Le président : Je m’interroge à propos des effets indésirables de substances après l’essai contrôlé. Avez-vous de l’information à ce sujet? L’ecstasy, ou MDMA, a certainement l’inconvénient de provoquer une dépression, un sentiment de solitude ou l’impression de ne pas être complètement soi-même dans les jours qui suivent. Je me demande si ce phénomène s’est déjà manifesté lors des traitements à la MDMA donnés dans le cadre des études ou des tests que vous avez menés?

Dr Husain : Si on examine les données sur les participants qui ont reçu de la MDMA ou de la psilocybine pour ensuite les comparer à celles sur les groupes de référence, on n’observe pas de différence statistique marquée au chapitre des effets indésirables. De façon générale, il n’y a pas eu d’effets indésirables graves dans les essais.

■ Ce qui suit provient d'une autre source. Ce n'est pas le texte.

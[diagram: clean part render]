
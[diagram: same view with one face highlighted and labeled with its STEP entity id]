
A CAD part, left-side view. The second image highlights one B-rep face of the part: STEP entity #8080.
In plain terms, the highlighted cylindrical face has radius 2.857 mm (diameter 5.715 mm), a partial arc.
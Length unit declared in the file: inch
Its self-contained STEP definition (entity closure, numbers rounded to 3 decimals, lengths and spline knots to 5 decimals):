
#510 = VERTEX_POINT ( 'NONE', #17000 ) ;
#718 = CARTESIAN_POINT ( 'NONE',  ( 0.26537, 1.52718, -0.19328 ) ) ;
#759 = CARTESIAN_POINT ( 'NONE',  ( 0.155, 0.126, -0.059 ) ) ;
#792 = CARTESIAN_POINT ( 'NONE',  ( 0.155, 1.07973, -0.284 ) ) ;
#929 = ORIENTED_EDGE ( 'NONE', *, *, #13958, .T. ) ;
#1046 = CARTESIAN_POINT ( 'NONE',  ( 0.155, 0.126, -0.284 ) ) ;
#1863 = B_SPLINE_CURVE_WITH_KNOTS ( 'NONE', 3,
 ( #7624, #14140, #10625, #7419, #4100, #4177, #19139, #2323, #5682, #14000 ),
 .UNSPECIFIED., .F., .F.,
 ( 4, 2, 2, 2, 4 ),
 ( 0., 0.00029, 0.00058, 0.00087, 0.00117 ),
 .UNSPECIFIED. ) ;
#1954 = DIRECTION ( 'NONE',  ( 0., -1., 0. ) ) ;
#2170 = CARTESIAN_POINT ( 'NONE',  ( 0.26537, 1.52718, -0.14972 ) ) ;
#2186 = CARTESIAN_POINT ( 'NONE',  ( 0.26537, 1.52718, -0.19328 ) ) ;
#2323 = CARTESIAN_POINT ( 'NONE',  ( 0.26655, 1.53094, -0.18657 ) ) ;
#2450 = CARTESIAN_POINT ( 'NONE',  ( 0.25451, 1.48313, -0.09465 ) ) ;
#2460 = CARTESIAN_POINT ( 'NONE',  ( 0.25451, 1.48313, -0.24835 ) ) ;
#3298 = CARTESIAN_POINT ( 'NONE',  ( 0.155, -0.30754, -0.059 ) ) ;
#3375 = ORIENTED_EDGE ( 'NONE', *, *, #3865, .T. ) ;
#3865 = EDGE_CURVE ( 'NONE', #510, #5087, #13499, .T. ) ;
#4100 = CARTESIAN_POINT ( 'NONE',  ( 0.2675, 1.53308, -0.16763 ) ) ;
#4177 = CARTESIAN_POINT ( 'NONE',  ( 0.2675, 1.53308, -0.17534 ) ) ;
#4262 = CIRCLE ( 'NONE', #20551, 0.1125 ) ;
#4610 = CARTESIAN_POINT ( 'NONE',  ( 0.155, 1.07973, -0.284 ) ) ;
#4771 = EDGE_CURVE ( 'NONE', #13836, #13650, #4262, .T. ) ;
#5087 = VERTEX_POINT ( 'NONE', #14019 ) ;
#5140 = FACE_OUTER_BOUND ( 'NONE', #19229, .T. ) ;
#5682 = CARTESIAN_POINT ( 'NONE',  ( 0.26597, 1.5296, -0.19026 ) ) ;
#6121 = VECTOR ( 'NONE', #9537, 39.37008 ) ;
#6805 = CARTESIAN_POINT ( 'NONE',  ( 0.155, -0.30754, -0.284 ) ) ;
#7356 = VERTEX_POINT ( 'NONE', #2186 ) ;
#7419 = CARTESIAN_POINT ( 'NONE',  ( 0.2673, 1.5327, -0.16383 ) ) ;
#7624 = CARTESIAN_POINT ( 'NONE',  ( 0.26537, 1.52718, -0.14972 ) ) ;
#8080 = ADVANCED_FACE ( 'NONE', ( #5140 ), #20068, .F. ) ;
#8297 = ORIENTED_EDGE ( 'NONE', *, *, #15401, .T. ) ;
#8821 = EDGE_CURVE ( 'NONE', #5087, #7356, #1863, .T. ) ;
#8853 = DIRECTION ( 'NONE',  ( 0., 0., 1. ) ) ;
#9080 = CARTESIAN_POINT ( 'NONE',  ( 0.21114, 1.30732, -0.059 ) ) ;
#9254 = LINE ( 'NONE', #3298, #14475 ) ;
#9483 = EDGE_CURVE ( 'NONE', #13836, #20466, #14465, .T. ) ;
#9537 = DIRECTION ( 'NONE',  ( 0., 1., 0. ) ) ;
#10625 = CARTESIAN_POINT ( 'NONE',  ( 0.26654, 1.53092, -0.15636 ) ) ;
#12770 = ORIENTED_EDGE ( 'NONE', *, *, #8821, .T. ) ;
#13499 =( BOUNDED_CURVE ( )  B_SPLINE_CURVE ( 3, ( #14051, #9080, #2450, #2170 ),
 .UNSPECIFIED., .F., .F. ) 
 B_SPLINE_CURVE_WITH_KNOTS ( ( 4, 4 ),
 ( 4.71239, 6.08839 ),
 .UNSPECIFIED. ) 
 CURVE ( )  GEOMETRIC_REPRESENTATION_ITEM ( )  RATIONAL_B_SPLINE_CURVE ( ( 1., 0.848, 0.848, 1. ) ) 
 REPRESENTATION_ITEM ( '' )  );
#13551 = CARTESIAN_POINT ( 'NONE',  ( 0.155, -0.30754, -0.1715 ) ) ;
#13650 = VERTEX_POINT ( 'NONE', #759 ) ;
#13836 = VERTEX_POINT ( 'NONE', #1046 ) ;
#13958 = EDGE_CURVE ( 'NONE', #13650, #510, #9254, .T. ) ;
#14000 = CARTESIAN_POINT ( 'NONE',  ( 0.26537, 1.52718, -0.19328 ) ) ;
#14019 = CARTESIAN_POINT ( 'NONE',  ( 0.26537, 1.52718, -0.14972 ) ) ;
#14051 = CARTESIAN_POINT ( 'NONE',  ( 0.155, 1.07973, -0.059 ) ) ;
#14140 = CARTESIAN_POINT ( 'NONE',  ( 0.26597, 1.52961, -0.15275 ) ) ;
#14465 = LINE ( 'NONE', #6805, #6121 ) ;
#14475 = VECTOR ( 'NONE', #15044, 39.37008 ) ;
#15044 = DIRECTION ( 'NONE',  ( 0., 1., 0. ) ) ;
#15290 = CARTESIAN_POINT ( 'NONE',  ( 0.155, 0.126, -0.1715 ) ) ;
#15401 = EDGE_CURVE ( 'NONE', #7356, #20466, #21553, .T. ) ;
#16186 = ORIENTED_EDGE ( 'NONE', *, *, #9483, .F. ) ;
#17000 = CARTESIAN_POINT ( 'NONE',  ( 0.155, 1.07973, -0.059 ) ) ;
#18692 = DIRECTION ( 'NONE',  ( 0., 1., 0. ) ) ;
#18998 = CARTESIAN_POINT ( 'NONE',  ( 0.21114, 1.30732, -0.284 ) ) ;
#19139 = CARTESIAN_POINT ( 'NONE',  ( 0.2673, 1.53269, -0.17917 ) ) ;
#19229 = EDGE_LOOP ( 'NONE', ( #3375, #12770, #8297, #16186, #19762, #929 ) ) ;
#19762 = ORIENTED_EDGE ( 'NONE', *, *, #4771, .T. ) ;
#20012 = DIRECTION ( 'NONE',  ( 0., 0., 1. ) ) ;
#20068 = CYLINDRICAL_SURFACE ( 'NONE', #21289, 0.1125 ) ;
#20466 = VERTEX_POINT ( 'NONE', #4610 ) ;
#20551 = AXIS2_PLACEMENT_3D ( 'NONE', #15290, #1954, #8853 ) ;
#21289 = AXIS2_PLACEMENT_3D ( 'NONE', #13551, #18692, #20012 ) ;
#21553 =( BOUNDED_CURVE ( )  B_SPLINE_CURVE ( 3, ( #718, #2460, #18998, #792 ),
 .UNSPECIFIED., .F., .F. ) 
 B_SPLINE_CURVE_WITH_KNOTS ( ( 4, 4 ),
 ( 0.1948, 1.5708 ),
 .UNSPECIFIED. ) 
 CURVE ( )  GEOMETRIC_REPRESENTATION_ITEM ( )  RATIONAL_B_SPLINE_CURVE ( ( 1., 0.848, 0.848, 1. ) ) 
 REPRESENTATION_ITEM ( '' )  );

C’est encourageant et cela montre que certaines des idées préconçues que vous avez sur le déclin de l’humeur après la prise de MDMA sont en fait erronées. Je pense que ces idées viennent de la consommation d’ecstasy achetée dans la rue; or, les gens la consomment souvent avec d’autres substances comme l’alcool et diverses drogues. Cela pourrait alimenter les fausses impressions.

M. Walsh : Voilà pourquoi c’est de la psychothérapie assistée par les drogues psychédéliques. Le fait d’avoir quelqu’un qui vérifie que tout se passe bien après que la personne a reçu la préparation peut être très utile, et je conviens qu’il n’y a pas beaucoup de préoccupations à cet égard. Néanmoins, le fait que quelqu’un vérifie l’état de la personne après la prise du traitement peut avoir une incidence considérable. Habituellement, les gens reçoivent un appel téléphonique le lendemain de leur session et viendront à une rencontre de suivi une semaine plus tard. Je pense que cela peut atténuer substantiellement les préoccupations.

Le président : Je vous remercie beaucoup. Merci aux témoins et aux sénateurs de leur participation. Je vous remercie.